Our roosters will be gone after today. Our ladies, with their two gents (Brett & Jemaine), will finally exit the cloister of their coop, and take over the hillside.
The meat chicken experiment will be over, a lesson learned, and then some.
The winner of the giveaway is Roberta, who said,
"We were born broke-ass. A little over 2 yrs ago my husband and I knocked on our new neighbors door asking of they intended on using the chicken coop that came with their house. They said we could have it! We disassembled it in 105 degree weather while I was having serious side affects from antibiotics and carried it board by board to our house. We have since been able to build a very nice compost pile from chicken manure for the vegetable garden."
Roberta has a super-cool blog, Mulish & Co., and I love this! Thanks for playing, everyone, and Roberta, email your information so I can get this book off to you right away!
Now that our roosters are nearly gone, my focus is redirected to the garden. What can I say about it right now? It doesn't look too pretty, and it's still small, but it's coming along.
We have four 4x8 beds built and filled, and two more turned, fertilized with rabbit shit...

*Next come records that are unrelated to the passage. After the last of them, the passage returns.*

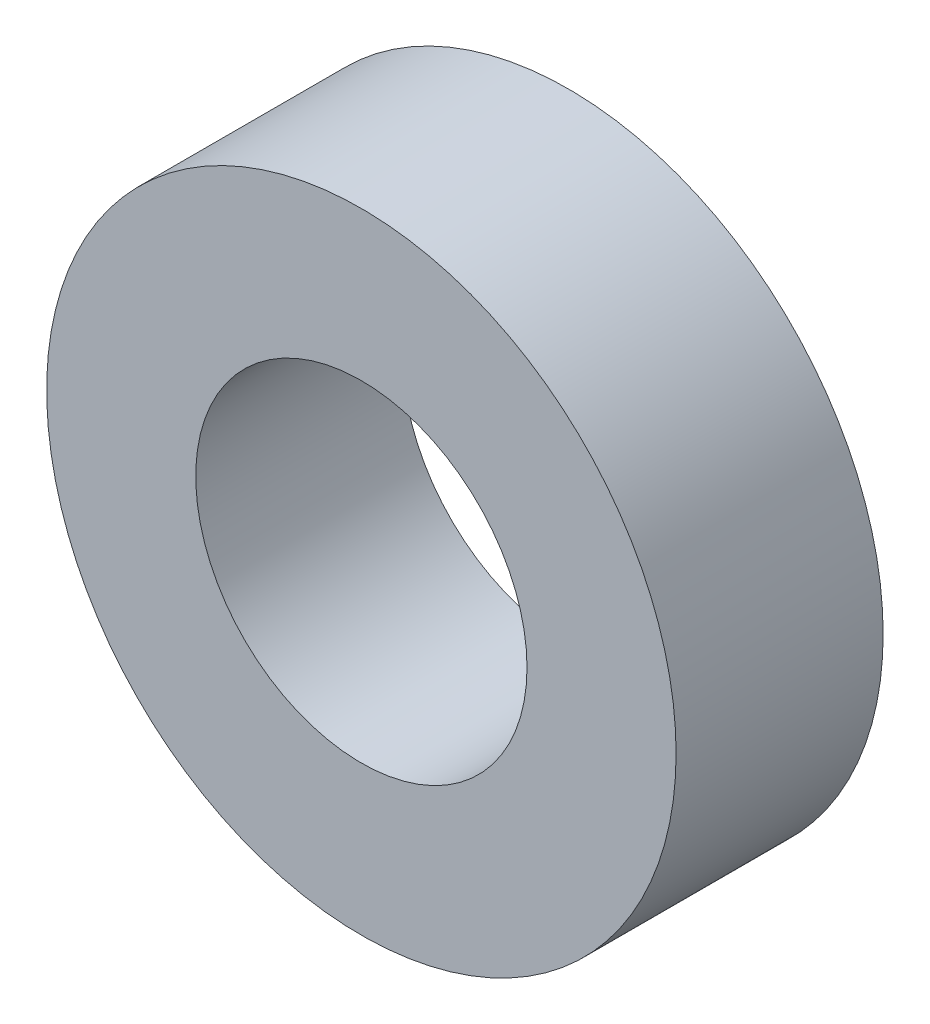
ISO-10303-21;
HEADER;
FILE_DESCRIPTION(('STEP AP214'),'2;1');
FILE_NAME('part.step','',(''),(''),'','','');
FILE_SCHEMA(('AUTOMOTIVE_DESIGN { 1 0 10303 214 1 1 1 1 }'));
ENDSEC;
DATA;
#1=APPLICATION_CONTEXT('core data for automotive mechanical design processes');
#2=APPLICATION_PROTOCOL_DEFINITION('international standard','automotive_design',2000,#1);
#3=PRODUCT_CONTEXT('',#1,'mechanical');
#4=PRODUCT('Part','Part','',(#3));
#5=PRODUCT_RELATED_PRODUCT_CATEGORY('part','',(#4));
#6=PRODUCT_DEFINITION_FORMATION('','',#4);
#7=PRODUCT_DEFINITION_CONTEXT('part definition',#1,'design');
#8=PRODUCT_DEFINITION('design','',#6,#7);
#9=PRODUCT_DEFINITION_SHAPE('','',#8);
#10=(LENGTH_UNIT() NAMED_UNIT(*) SI_UNIT(.MILLI.,.METRE.));
#11=(NAMED_UNIT(*) PLANE_ANGLE_UNIT() SI_UNIT($,.RADIAN.));
#12=(NAMED_UNIT(*) SI_UNIT($,.STERADIAN.) SOLID_ANGLE_UNIT());
#13=UNCERTAINTY_MEASURE_WITH_UNIT(LENGTH_MEASURE(1.E-05),#10,'distance_accuracy_value','');
#14=(GEOMETRIC_REPRESENTATION_CONTEXT(3) GLOBAL_UNCERTAINTY_ASSIGNED_CONTEXT((#13)) GLOBAL_UNIT_ASSIGNED_CONTEXT((#10,
#11,#12)) REPRESENTATION_CONTEXT('',''));
#15=CARTESIAN_POINT('',(0.,0.,0.));
#16=DIRECTION('',(0.,0.,1.));
#17=DIRECTION('',(1.,0.,0.));
#18=AXIS2_PLACEMENT_3D('',#15,#16,#17);
#19=CARTESIAN_POINT('',(0.,0.,-1.5625));
#20=DIRECTION('',(0.,0.,1.));
#21=DIRECTION('',(1.,0.,0.));
#22=AXIS2_PLACEMENT_3D('',#19,#20,#21);
#23=CYLINDRICAL_SURFACE('',#22,2.5);
#24=CARTESIAN_POINT('',(0.,0.,1.5625));
#25=DIRECTION('',(0.,0.,1.));
#26=DIRECTION('',(1.,0.,0.));
#27=AXIS2_PLACEMENT_3D('',#24,#25,#26);
#28=CIRCLE('',#27,2.5);
#29=CARTESIAN_POINT('',(2.5,0.,1.5625));
#30=VERTEX_POINT('',#29);
#31=EDGE_CURVE('E10',#30,#30,#28,.T.);
#32=ORIENTED_EDGE('',*,*,#31,.T.);
#33=EDGE_LOOP('',(#32));
#34=FACE_BOUND('',#33,.T.);
#35=CARTESIAN_POINT('',(0.,0.,-1.5625));
#36=DIRECTION('',(0.,0.,1.));
#37=DIRECTION('',(1.,0.,0.));
#38=AXIS2_PLACEMENT_3D('',#35,#36,#37);
#39=CIRCLE('',#38,2.5);
#40=CARTESIAN_POINT('',(2.5,0.,-1.5625));
#41=VERTEX_POINT('',#40);
#42=EDGE_CURVE('E44',#41,#41,#39,.T.);
#43=ORIENTED_EDGE('',*,*,#42,.F.);
#44=EDGE_LOOP('',(#43));
#45=FACE_BOUND('',#44,.T.);
#46=ADVANCED_FACE('F30',(#34,#45),#23,.F.);
#47=CARTESIAN_POINT('',(2.5,0.,1.5625));
#48=DIRECTION('',(0.,0.,1.));
#49=DIRECTION('',(1.,0.,0.));
#50=AXIS2_PLACEMENT_3D('',#47,#48,#49);
#51=PLANE('',#50);
#52=CARTESIAN_POINT('',(0.,0.,1.5625));
#53=DIRECTION('',(0.,0.,1.));
#54=DIRECTION('',(1.,0.,0.));
#55=AXIS2_PLACEMENT_3D('',#52,#53,#54);
#56=CIRCLE('',#55,4.75);
#57=CARTESIAN_POINT('',(4.75,0.,1.5625));
#58=VERTEX_POINT('',#57);
#59=EDGE_CURVE('E36',#58,#58,#56,.T.);
#60=ORIENTED_EDGE('',*,*,#59,.T.);
#61=EDGE_LOOP('',(#60));
#62=FACE_BOUND('',#61,.T.);
#63=ORIENTED_EDGE('',*,*,#31,.F.);
#64=EDGE_LOOP('',(#63));
#65=FACE_BOUND('',#64,.T.);
#66=ADVANCED_FACE('F54',(#62,#65),#51,.T.);
#67=CARTESIAN_POINT('',(0.,0.,-1.5625));
#68=DIRECTION('',(0.,0.,1.));
#69=DIRECTION('',(1.,0.,0.));
#70=AXIS2_PLACEMENT_3D('',#67,#68,#69);
#71=CYLINDRICAL_SURFACE('',#70,4.75);
#72=CARTESIAN_POINT('',(0.,0.,-1.5625));
#73=DIRECTION('',(0.,0.,1.));
#74=DIRECTION('',(1.,0.,0.));
#75=AXIS2_PLACEMENT_3D('',#72,#73,#74);
#76=CIRCLE('',#75,4.75);
#77=CARTESIAN_POINT('',(4.75,0.,-1.5625));
#78=VERTEX_POINT('',#77);
#79=EDGE_CURVE('E40',#78,#78,#76,.T.);
#80=ORIENTED_EDGE('',*,*,#79,.T.);
#81=EDGE_LOOP('',(#80));
#82=FACE_BOUND('',#81,.T.);
#83=ORIENTED_EDGE('',*,*,#59,.F.);
#84=EDGE_LOOP('',(#83));
#85=FACE_BOUND('',#84,.T.);
#86=ADVANCED_FACE('F58',(#82,#85),#71,.T.);
#87=CARTESIAN_POINT('',(4.75,0.,-1.5625));
#88=DIRECTION('',(0.,0.,-1.));
#89=DIRECTION('',(-1.,0.,0.));
#90=AXIS2_PLACEMENT_3D('',#87,#88,#89);
#91=PLANE('',#90);
#92=ORIENTED_EDGE('',*,*,#42,.T.);
#93=EDGE_LOOP('',(#92));
#94=FACE_BOUND('',#93,.T.);
#95=ORIENTED_EDGE('',*,*,#79,.F.);
#96=EDGE_LOOP('',(#95));
#97=FACE_BOUND('',#96,.T.);
#98=ADVANCED_FACE('F50',(#94,#97),#91,.T.);
#99=CLOSED_SHELL('',(#46,#66,#86,#98));
#100=MANIFOLD_SOLID_BREP('B2',#99);
#101=ADVANCED_BREP_SHAPE_REPRESENTATION('',(#18,#100),#14);
#102=SHAPE_DEFINITION_REPRESENTATION(#9,#101);
ENDSEC;
END-ISO-10303-21;

|Two weeks' worth of manure, which can be applied directly to the garden.|
...and covered with tarps for weed suppression.
Turning the soil has become a monumental endeavor. The grass and wild plants are growing so thickly, the garden fork gets stuck with every second turn. Jeremy's idea, after witnessing yet another fork-throwing temper tantrum by yours truly, was to suppress the weeds for a week or two before turning the soil, which sounds ever so much better than what I was doing.
We are harvesting things, finally. Just a few radishes, which popped out of the soil after a heavy rain, and lots of lettuce, which is growing happily. Luckily our children love vegetables, and seem to have a real appreciation for the growing process. Planting, weeding, harvesting, and eating are still enough of a novelty that they rarely complain.
I'm concerned about the broccoli, which is being chewed down to nothing. I've never had to deal with garden pests before. This will be a new and, I'm sure, quite interesting challenge.
I've also spotted gopher holes -- just in the chicken yard, so far.
This season should be a wild ride.
|Who's been eating my broccoli? What, the other seventeen billion plants in the immediate vicinity can't satisfy the insect population? Psh!!!|
The ladies are laying 18 eggs a day. We have no fewer than 12 dozen egg cartons, fully filled, in our kitchen at any time. Jeremy is asking for pickled eggs, the kids eat half a dozen hard-boiled eggs a day, and our carton situation is dire. I just made a deal with a friend: I give her 2 dozen eggs a week, she takes my bones and makes 24-hour bone broth, the good stuff, which I can't manage with minimal propane and solar power. The friend who housed our chicks gets another 2 dozen a week, and still, not even a dent in the egg storage.
I'm going to have to get creative, or else find buyers.
Spring Break is almost over, but summer is coming, oh yes. Even through the rain I can taste it.